- _REQUIREMENT_: Reproduce nothing beyond the line containing "layer by layer". From the first line of the data below down to it, copy each line exactly, without the pictures.

- _GIVEN RECORDS_:
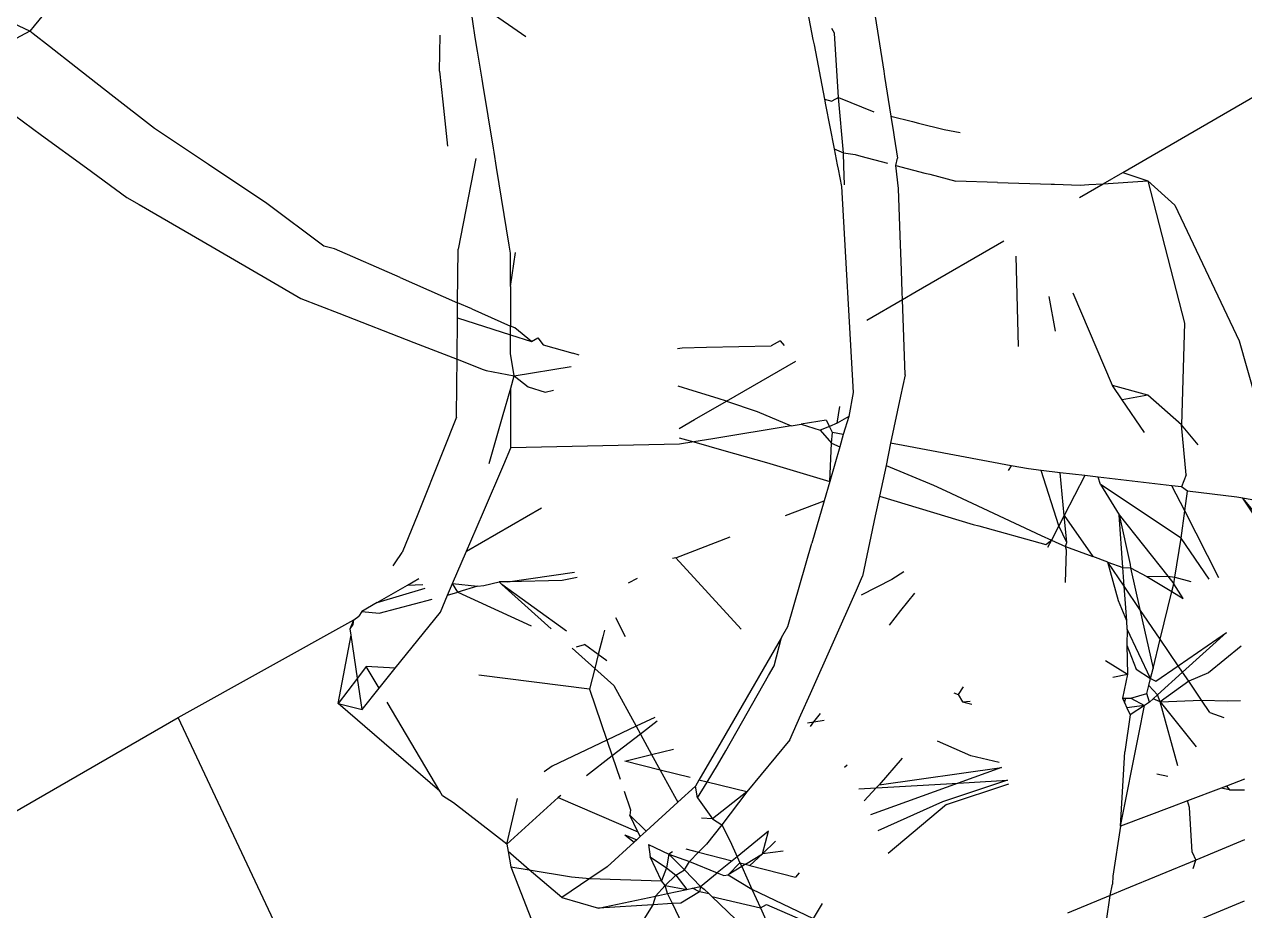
# Model space of a CAD drawing. Header units: inches. Extents: x 3324238 to 135265466, y -1036581 to 20094598.
# Drawn here: x 3354736.8389 to 3354737.2095, y -519085.2643 to -519084.995 of the extents above; entities that cross this region are included whole.
import ezdxf

# ---------------------------------------------------------------- set-up
doc = ezdxf.new("R2010")
doc.units = ezdxf.units.IN
doc.header["$MEASUREMENT"] = 0
doc.layers.add('FURNITURE', color=32, linetype='Continuous', lineweight=13)

msp = doc.modelspace()

# ---------------------------------------------------------------- linework, layer by layer
for p, q in [((3354737.17251, -519085.03994, 0.00267), (3354738.72863, -519084.14012, 0.00267)), ((3354737.07476, -519084.98057, 0.00267), (3354737.07841, -519084.99951, 0.00267)), ((3354736.84054, -519084.99702, 0.00267), (3354736.82115, -519084.98804, 0.00267)), ((3354736.84661, -519084.98964, 0.00267), (3354736.84188, -519084.9954, 0.00267)), ((3354736.97585, -519084.99896, 0.00267), (3354736.97434, -519084.9892, 0.00267)), ((3354736.97905, -519084.99027, 0.00267), (3354736.99118, -519084.99868, 0.00267)), ((3354737.09704, -519084.99067, 0.00267), (3354737.09992, -519085.00917, 0.00267)), ((3354736.84054, -519084.99702, 0.00267), (3354736.82146, -519085.00719, 0.00267)), ((3354736.84188, -519084.9954, 0.00267), (3354736.84054, -519084.99702, 0.00267)), ((3354736.84158, -519084.99783, 0.00267), (3354736.84054, -519084.99702, 0.00267)), ((3354736.84651, -519085.00169, 0.00267), (3354736.84158, -519084.99783, 0.00267)), ((3354736.96496, -519085.00923, 0.00267), (3354736.96516, -519084.99821, 0.00267)), ((3354737.0849, -519084.99761, 0.00267), (3354737.08417, -519084.99618, 0.00267)), ((3354737.08613, -519085.01714, 0.00267), (3354737.0849, -519084.99761, 0.00267)), ((3354736.85451, -519085.00795, 0.00267), (3354736.84651, -519085.00169, 0.00267)), ((3354736.97649, -519085.00311, 0.00267), (3354736.97585, -519084.99896, 0.00267)), ((3354737.07841, -519084.99951, 0.00267), (3354737.07873, -519085.00114, 0.00267)), ((3354737.07873, -519085.00114, 0.00267), (3354737.08193, -519085.01774, 0.00267)), ((3354736.97788, -519085.01163, 0.00267), (3354736.97649, -519085.00311, 0.00267)), ((3354736.86528, -519085.01637, 0.00267), (3354736.85451, -519085.00795, 0.00267)), ((3354736.96496, -519085.00923, 0.00267), (3354736.96594, -519085.01852, 0.00267)), ((3354737.09992, -519085.00917, 0.00267), (3354737.10017, -519085.01077, 0.00267)), ((3354736.97809, -519085.0129, 0.00267), (3354736.97788, -519085.01163, 0.00267)), ((3354736.98132, -519085.03261, 0.00267), (3354736.97809, -519085.0129, 0.00267)), ((3354737.10017, -519085.01077, 0.00267), (3354737.10205, -519085.02283, 0.00267)), ((3354736.87844, -519085.02661, 0.00267), (3354736.86528, -519085.01637, 0.00267)), ((3354737.08613, -519085.01714, 0.00267), (3354737.08413, -519085.0183, 0.00267)), ((3354737.08613, -519085.01714, 0.00267), (3354737.09694, -519085.02154, 0.00267)), ((3354737.0877, -519085.03402, 0.00267), (3354737.08613, -519085.01714, 0.00267)), ((3354736.96594, -519085.01852, 0.00267), (3354736.96736, -519085.03196, 0.00267)), ((3354737.08193, -519085.01774, 0.00267), (3354737.08413, -519085.0183, 0.00267)), ((3354737.08193, -519085.01774, 0.00267), (3354737.08225, -519085.01938, 0.00267)), ((3354737.08225, -519085.01938, 0.00267), (3354737.08484, -519085.03283, 0.00267)), ((3354736.83582, -519085.02252, 0.00267), (3354736.84411, -519085.02859, 0.00267)), ((3354737.10205, -519085.02283, 0.00267), (3354737.10863, -519085.0245, 0.00267)), ((3354737.10205, -519085.02283, 0.00267), (3354737.10283, -519085.02785, 0.00267)), ((3354737.10863, -519085.0245, 0.00267), (3354737.11047, -519085.02497, 0.00267)), ((3354736.89477, -519085.03754, 0.00267), (3354736.87844, -519085.02661, 0.00267)), ((3354737.10283, -519085.02785, 0.00267), (3354737.10304, -519085.02922, 0.00267)), ((3354737.11047, -519085.02497, 0.00267), (3354737.11822, -519085.02693, 0.00267)), ((3354737.11822, -519085.02693, 0.00267), (3354737.12311, -519085.02779, 0.00267)), ((3354736.84411, -519085.02859, 0.00267), (3354736.85774, -519085.03857, 0.00267)), ((3354737.10304, -519085.02922, 0.00267), (3354737.10404, -519085.03565, 0.00267)), ((3354736.97597, -519085.0357, 0.00267), (3354736.97066, -519085.0633, 0.00267)), ((3354736.98153, -519085.03385, 0.00267), (3354736.98132, -519085.03261, 0.00267)), ((3354736.98228, -519085.03844, 0.00267), (3354736.98153, -519085.03385, 0.00267)), ((3354737.08484, -519085.03283, 0.00267), (3354737.0877, -519085.03402, 0.00267)), ((3354737.08484, -519085.03283, 0.00267), (3354737.08578, -519085.0377, 0.00267)), ((3354737.0877, -519085.03402, 0.00267), (3354737.09126, -519085.03453, 0.00267)), ((3354737.08782, -519085.03794, 0.00267), (3354737.0877, -519085.03402, 0.00267)), ((3354737.09126, -519085.03453, 0.00267), (3354737.09298, -519085.03499, 0.00267)), ((3354737.09298, -519085.03499, 0.00267), (3354737.10107, -519085.03714, 0.00267)), ((3354737.10363, -519085.03782, 0.00267), (3354737.10404, -519085.03565, 0.00267)), ((3354736.85774, -519085.03857, 0.00267), (3354736.86998, -519085.04754, 0.00267)), ((3354736.91249, -519085.04939, 0.00267), (3354736.89477, -519085.03754, 0.00267)), ((3354736.98616, -519085.06208, 0.00267), (3354736.98228, -519085.03844, 0.00267)), ((3354737.08578, -519085.0377, 0.00267), (3354737.08603, -519085.03897, 0.00267)), ((3354737.08603, -519085.03897, 0.00267), (3354737.08703, -519085.04419, 0.00267)), ((3354737.08799, -519085.04371, 0.00267), (3354737.08782, -519085.03794, 0.00267)), ((3354737.10363, -519085.03782, 0.00267), (3354737.11243, -519085.04015, 0.00267)), ((3354737.10436, -519085.04481, 0.00267), (3354737.10363, -519085.03782, 0.00267)), ((3354737.11243, -519085.04015, 0.00267), (3354737.1139, -519085.04054, 0.00267)), ((3354737.1139, -519085.04054, 0.00267), (3354737.12178, -519085.04263, 0.00267)), ((3354737.13446, -519085.04303, 0.00267), (3354737.12178, -519085.04263, 0.00267)), ((3354737.13446, -519085.04303, 0.00267), (3354737.15076, -519085.04354, 0.00267)), ((3354737.16653, -519085.04339, 0.00267), (3354737.17251, -519085.03994, 0.00267)), ((3354737.16653, -519085.04339, 0.00267), (3354737.18017, -519085.04256, 0.00267)), ((3354737.17251, -519085.03994, 0.00267), (3354737.18017, -519085.04256, 0.00267)), ((3354737.18017, -519085.04256, 0.00267), (3354737.18835, -519085.04996, 0.00267)), ((3354737.18017, -519085.04256, 0.00267), (3354737.19126, -519085.08579, 0.00267)), ((3354737.08703, -519085.04419, 0.00267), (3354737.09062, -519085.1069, 0.00267)), ((3354737.10488, -519085.05915, 0.00267), (3354737.10436, -519085.04481, 0.00267)), ((3354737.15076, -519085.04354, 0.00267), (3354737.15177, -519085.04357, 0.00267)), ((3354737.15177, -519085.04357, 0.00267), (3354737.15957, -519085.04381, 0.00267)), ((3354737.15933, -519085.04755, 0.00267), (3354737.16653, -519085.04339, 0.00267)), ((3354737.15957, -519085.04381, 0.00267), (3354737.16216, -519085.04365, 0.00267)), ((3354737.16216, -519085.04365, 0.00267), (3354737.16653, -519085.04339, 0.00267)), ((3354736.86998, -519085.04754, 0.00267), (3354736.87371, -519085.0497, 0.00267)), ((3354736.87371, -519085.0497, 0.00267), (3354736.89278, -519085.06078, 0.00267)), ((3354736.9298, -519085.06236, 0.00267), (3354736.91249, -519085.04939, 0.00267)), ((3354737.18835, -519085.04996, 0.00267), (3354737.20788, -519085.09113, 0.00267)), ((3354736.89278, -519085.06078, 0.00267), (3354736.91261, -519085.07229, 0.00267)), ((3354737.10526, -519085.06982, 0.00267), (3354737.10488, -519085.05915, 0.00267)), ((3354737.10977, -519085.07617, 0.00267), (3354737.1364, -519085.06079, 0.00267)), ((3354736.9331, -519085.06318, 0.00267), (3354736.9298, -519085.06236, 0.00267)), ((3354736.95303, -519085.07192, 0.00267), (3354736.9331, -519085.06318, 0.00267)), ((3354736.97048, -519085.07958, 0.00267), (3354736.97066, -519085.0633, 0.00267)), ((3354736.98655, -519085.06451, 0.00267), (3354736.98616, -519085.06208, 0.00267)), ((3354736.98656, -519085.07464, 0.00267), (3354736.98655, -519085.06451, 0.00267)), ((3354736.98656, -519085.07464, 0.00267), (3354736.98802, -519085.06426, 0.00267)), ((3354737.14083, -519085.09288, 0.00267), (3354737.14009, -519085.06538, 0.00267)), ((3354736.91261, -519085.07229, 0.00267), (3354736.92285, -519085.07824, 0.00267)), ((3354736.95303, -519085.07192, 0.00267), (3354736.97048, -519085.07958, 0.00267)), ((3354737.10549, -519085.07638, 0.00267), (3354737.10526, -519085.06982, 0.00267)), ((3354736.98656, -519085.07464, 0.00267), (3354736.98657, -519085.08664, 0.00267)), ((3354737.10557, -519085.0786, 0.00267), (3354737.10549, -519085.07638, 0.00267)), ((3354737.10557, -519085.0786, 0.00267), (3354737.10977, -519085.07617, 0.00267)), ((3354736.92285, -519085.07824, 0.00267), (3354736.93434, -519085.08272, 0.00267)), ((3354736.97044, -519085.08418, 0.00267), (3354736.97048, -519085.07958, 0.00267)), ((3354736.97476, -519085.08146, 0.00267), (3354736.97048, -519085.07958, 0.00267)), ((3354737.09478, -519085.08483, 0.00267), (3354737.10557, -519085.0786, 0.00267)), ((3354737.10639, -519085.10152, 0.00267), (3354737.10557, -519085.0786, 0.00267)), ((3354737.15002, -519085.07772, 0.00267), (3354737.15199, -519085.08817, 0.00267)), ((3354737.16943, -519085.10475, 0.00267), (3354737.15741, -519085.0767, 0.00267)), ((3354736.93434, -519085.08272, 0.00267), (3354736.95717, -519085.09162, 0.00267)), ((3354736.97476, -519085.08146, 0.00267), (3354736.98657, -519085.08664, 0.00267)), ((3354736.97029, -519085.09673, 0.00267), (3354736.97044, -519085.08418, 0.00267)), ((3354736.97044, -519085.08418, 0.00267), (3354736.98658, -519085.08929, 0.00267)), ((3354736.98658, -519085.08929, 0.00267), (3354736.98657, -519085.08664, 0.00267)), ((3354736.9878, -519085.08717, 0.00267), (3354736.98657, -519085.08664, 0.00267)), ((3354736.99295, -519085.09131, 0.00267), (3354736.9878, -519085.08717, 0.00267)), ((3354737.19126, -519085.08579, 0.00267), (3354737.19033, -519085.11669, 0.00267)), ((3354736.98658, -519085.09499, 0.00267), (3354736.98658, -519085.08929, 0.00267)), ((3354736.98658, -519085.08929, 0.00267), (3354736.99295, -519085.09131, 0.00267)), ((3354736.99295, -519085.09131, 0.00267), (3354736.9948, -519085.09024, 0.00267)), ((3354736.9948, -519085.09024, 0.00267), (3354736.99642, -519085.09241, 0.00267)), ((3354737.0684, -519085.0911, 0.00267), (3354737.06573, -519085.09264, 0.00267)), ((3354737.0684, -519085.0911, 0.00267), (3354737.0697, -519085.09255, 0.00267)), ((3354737.20788, -519085.09113, 0.00267), (3354737.22358, -519085.14673, 0.00267)), ((3354736.95717, -519085.09162, 0.00267), (3354736.97029, -519085.09673, 0.00267)), ((3354736.98765, -519085.10179, 0.00267), (3354736.98658, -519085.09499, 0.00267)), ((3354736.99642, -519085.09241, 0.00267), (3354737.0055, -519085.09494, 0.00267)), ((3354737.00741, -519085.09553, 0.00267), (3354737.0055, -519085.09494, 0.00267)), ((3354737.0373, -519085.0935, 0.00267), (3354737.03865, -519085.09327, 0.00267)), ((3354737.03865, -519085.09327, 0.00267), (3354737.0461, -519085.0931, 0.00267)), ((3354737.0461, -519085.0931, 0.00267), (3354737.06573, -519085.09264, 0.00267)), ((3354736.9702, -519085.10445, 0.00267), (3354736.97029, -519085.09673, 0.00267)), ((3354736.97029, -519085.09673, 0.00267), (3354736.97822, -519085.09982, 0.00267)), ((3354737.05214, -519085.10946, 0.00267), (3354737.07321, -519085.09729, 0.00267)), ((3354736.97822, -519085.09982, 0.00267), (3354736.97916, -519085.10018, 0.00267)), ((3354736.97916, -519085.10018, 0.00267), (3354736.98765, -519085.10179, 0.00267)), ((3354736.98659, -519085.10553, 0.00267), (3354736.98765, -519085.10179, 0.00267)), ((3354736.98765, -519085.10179, 0.00267), (3354737.00492, -519085.0989, 0.00267)), ((3354736.98765, -519085.10179, 0.00267), (3354736.99192, -519085.10516, 0.00267)), ((3354737.10639, -519085.10152, 0.00267), (3354737.10502, -519085.10801, 0.00267)), ((3354736.97009, -519085.11435, 0.00267), (3354736.9702, -519085.10445, 0.00267)), ((3354736.98411, -519085.11426, 0.00267), (3354736.98659, -519085.10553, 0.00267)), ((3354736.9866, -519085.11282, 0.00267), (3354736.98659, -519085.10553, 0.00267)), ((3354736.99192, -519085.10516, 0.00267), (3354736.99705, -519085.10679, 0.00267)), ((3354736.99705, -519085.10679, 0.00267), (3354736.9996, -519085.10611, 0.00267)), ((3354737.04205, -519085.10632, 0.00267), (3354737.0375, -519085.1049, 0.00267)), ((3354737.17234, -519085.10904, 0.00267), (3354737.16943, -519085.10475, 0.00267)), ((3354737.18015, -519085.10767, 0.00267), (3354737.16943, -519085.10475, 0.00267)), ((3354737.04959, -519085.10866, 0.00267), (3354737.04205, -519085.10632, 0.00267)), ((3354737.04242, -519085.11507, 0.00267), (3354737.05214, -519085.10946, 0.00267)), ((3354737.05214, -519085.10946, 0.00267), (3354737.04959, -519085.10866, 0.00267)), ((3354737.05214, -519085.10946, 0.00267), (3354737.0615, -519085.11263, 0.00267)), ((3354737.09062, -519085.1069, 0.00267), (3354737.08926, -519085.11416, 0.00267)), ((3354737.10502, -519085.10801, 0.00267), (3354737.10201, -519085.1223, 0.00267)), ((3354737.18015, -519085.10767, 0.00267), (3354737.17234, -519085.10904, 0.00267)), ((3354737.1791, -519085.119, 0.00267), (3354737.17234, -519085.10904, 0.00267)), ((3354737.19033, -519085.11669, 0.00267), (3354737.18015, -519085.10767, 0.00267)), ((3354736.98661, -519085.12371, 0.00267), (3354736.9866, -519085.11282, 0.00267)), ((3354737.0615, -519085.11263, 0.00267), (3354737.07177, -519085.11703, 0.00267)), ((3354737.08575, -519085.11615, 0.00267), (3354737.08652, -519085.11113, 0.00267)), ((3354736.97009, -519085.11435, 0.00267), (3354736.96594, -519085.12475, 0.00267)), ((3354736.98008, -519085.12846, 0.00267), (3354736.98411, -519085.11426, 0.00267)), ((3354737.03774, -519085.11777, 0.00267), (3354737.04242, -519085.11507, 0.00267)), ((3354737.07177, -519085.11703, 0.00267), (3354737.04799, -519085.12093, 0.00267)), ((3354737.07177, -519085.11703, 0.00267), (3354737.07484, -519085.11652, 0.00267)), ((3354737.08244, -519085.11528, 0.00267), (3354737.07484, -519085.11652, 0.00267)), ((3354737.07484, -519085.11652, 0.00267), (3354737.08061, -519085.11832, 0.00267)), ((3354737.08339, -519085.11714, 0.00267), (3354737.08061, -519085.11832, 0.00267)), ((3354737.08244, -519085.11528, 0.00267), (3354737.08339, -519085.11714, 0.00267)), ((3354737.08575, -519085.11615, 0.00267), (3354737.08339, -519085.11714, 0.00267)), ((3354737.08435, -519085.11902, 0.00267), (3354737.08339, -519085.11714, 0.00267)), ((3354737.08926, -519085.11416, 0.00267), (3354737.08575, -519085.11615, 0.00267)), ((3354737.08926, -519085.11416, 0.00267), (3354737.08754, -519085.11961, 0.00267)), ((3354737.19539, -519085.12274, 0.00267), (3354737.19033, -519085.11669, 0.00267)), ((3354737.19176, -519085.13192, 0.00267), (3354737.19033, -519085.11669, 0.00267)), ((3354737.03779, -519085.12061, 0.00267), (3354737.04226, -519085.12187, 0.00267)), ((3354737.04799, -519085.12093, 0.00267), (3354737.04226, -519085.12187, 0.00267)), ((3354737.08061, -519085.11832, 0.00267), (3354737.08402, -519085.12228, 0.00267)), ((3354737.08402, -519085.12228, 0.00267), (3354737.08435, -519085.11902, 0.00267)), ((3354737.08754, -519085.11961, 0.00267), (3354737.08435, -519085.11902, 0.00267)), ((3354737.08754, -519085.11961, 0.00267), (3354737.08659, -519085.12338, 0.00267)), ((3354736.96594, -519085.12475, 0.00267), (3354736.95834, -519085.14379, 0.00267)), ((3354736.98447, -519085.12869, 0.00267), (3354736.98661, -519085.12371, 0.00267)), ((3354737.03783, -519085.1226, 0.00267), (3354736.98661, -519085.12371, 0.00267)), ((3354737.04226, -519085.12187, 0.00267), (3354737.03783, -519085.1226, 0.00267)), ((3354737.04226, -519085.12187, 0.00267), (3354737.05131, -519085.12444, 0.00267)), ((3354737.05131, -519085.12444, 0.00267), (3354737.06432, -519085.12812, 0.00267)), ((3354737.08355, -519085.13389, 0.00267), (3354737.08402, -519085.12228, 0.00267)), ((3354737.08659, -519085.12338, 0.00267), (3354737.08355, -519085.13389, 0.00267)), ((3354737.08402, -519085.12228, 0.00267), (3354737.08659, -519085.12338, 0.00267)), ((3354737.10201, -519085.1223, 0.00267), (3354737.1006, -519085.12899, 0.00267)), ((3354737.10578, -519085.123, 0.00267), (3354737.10201, -519085.1223, 0.00267)), ((3354737.13858, -519085.1291, 0.00267), (3354737.10578, -519085.123, 0.00267)), ((3354737.06432, -519085.12812, 0.00267), (3354737.08355, -519085.13389, 0.00267)), ((3354736.97829, -519085.14315, 0.00267), (3354736.98447, -519085.12869, 0.00267)), ((3354737.1006, -519085.12899, 0.00267), (3354737.09861, -519085.13841, 0.00267)), ((3354737.1006, -519085.12899, 0.00267), (3354737.11504, -519085.13503, 0.00267)), ((3354737.13858, -519085.1291, 0.00267), (3354737.13766, -519085.13058, 0.00267)), ((3354737.14387, -519085.13008, 0.00267), (3354737.13858, -519085.1291, 0.00267)), ((3354737.14776, -519085.13054, 0.00267), (3354737.14387, -519085.13008, 0.00267)), ((3354737.1531, -519085.14733, 0.00267), (3354737.14776, -519085.13054, 0.00267)), ((3354737.1535, -519085.13122, 0.00267), (3354737.14776, -519085.13054, 0.00267)), ((3354737.15471, -519085.14422, 0.00267), (3354737.1535, -519085.13122, 0.00267)), ((3354737.16098, -519085.1321, 0.00267), (3354737.1535, -519085.13122, 0.00267)), ((3354737.16098, -519085.1321, 0.00267), (3354737.15471, -519085.14422, 0.00267)), ((3354737.16504, -519085.13257, 0.00267), (3354737.16098, -519085.1321, 0.00267)), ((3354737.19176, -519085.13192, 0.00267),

- _RESPONSE AREA_:
# Model space of a CAD drawing. Header units: inches. Extents: x 3324238 to 135265466, y -1036581 to 20094598.
# Drawn here: x 3354736.8389 to 3354737.2095, y -519085.2643 to -519084.995 of the extents above; entities that cross this region are included whole.
import ezdxf

# ---------------------------------------------------------------- set-up
doc = ezdxf.new("R2010")
doc.units = ezdxf.units.IN
doc.header["$MEASUREMENT"] = 0
doc.layers.add('FURNITURE', color=32, linetype='Continuous', lineweight=13)

msp = doc.modelspace()

# ---------------------------------------------------------------- linework, layer by layer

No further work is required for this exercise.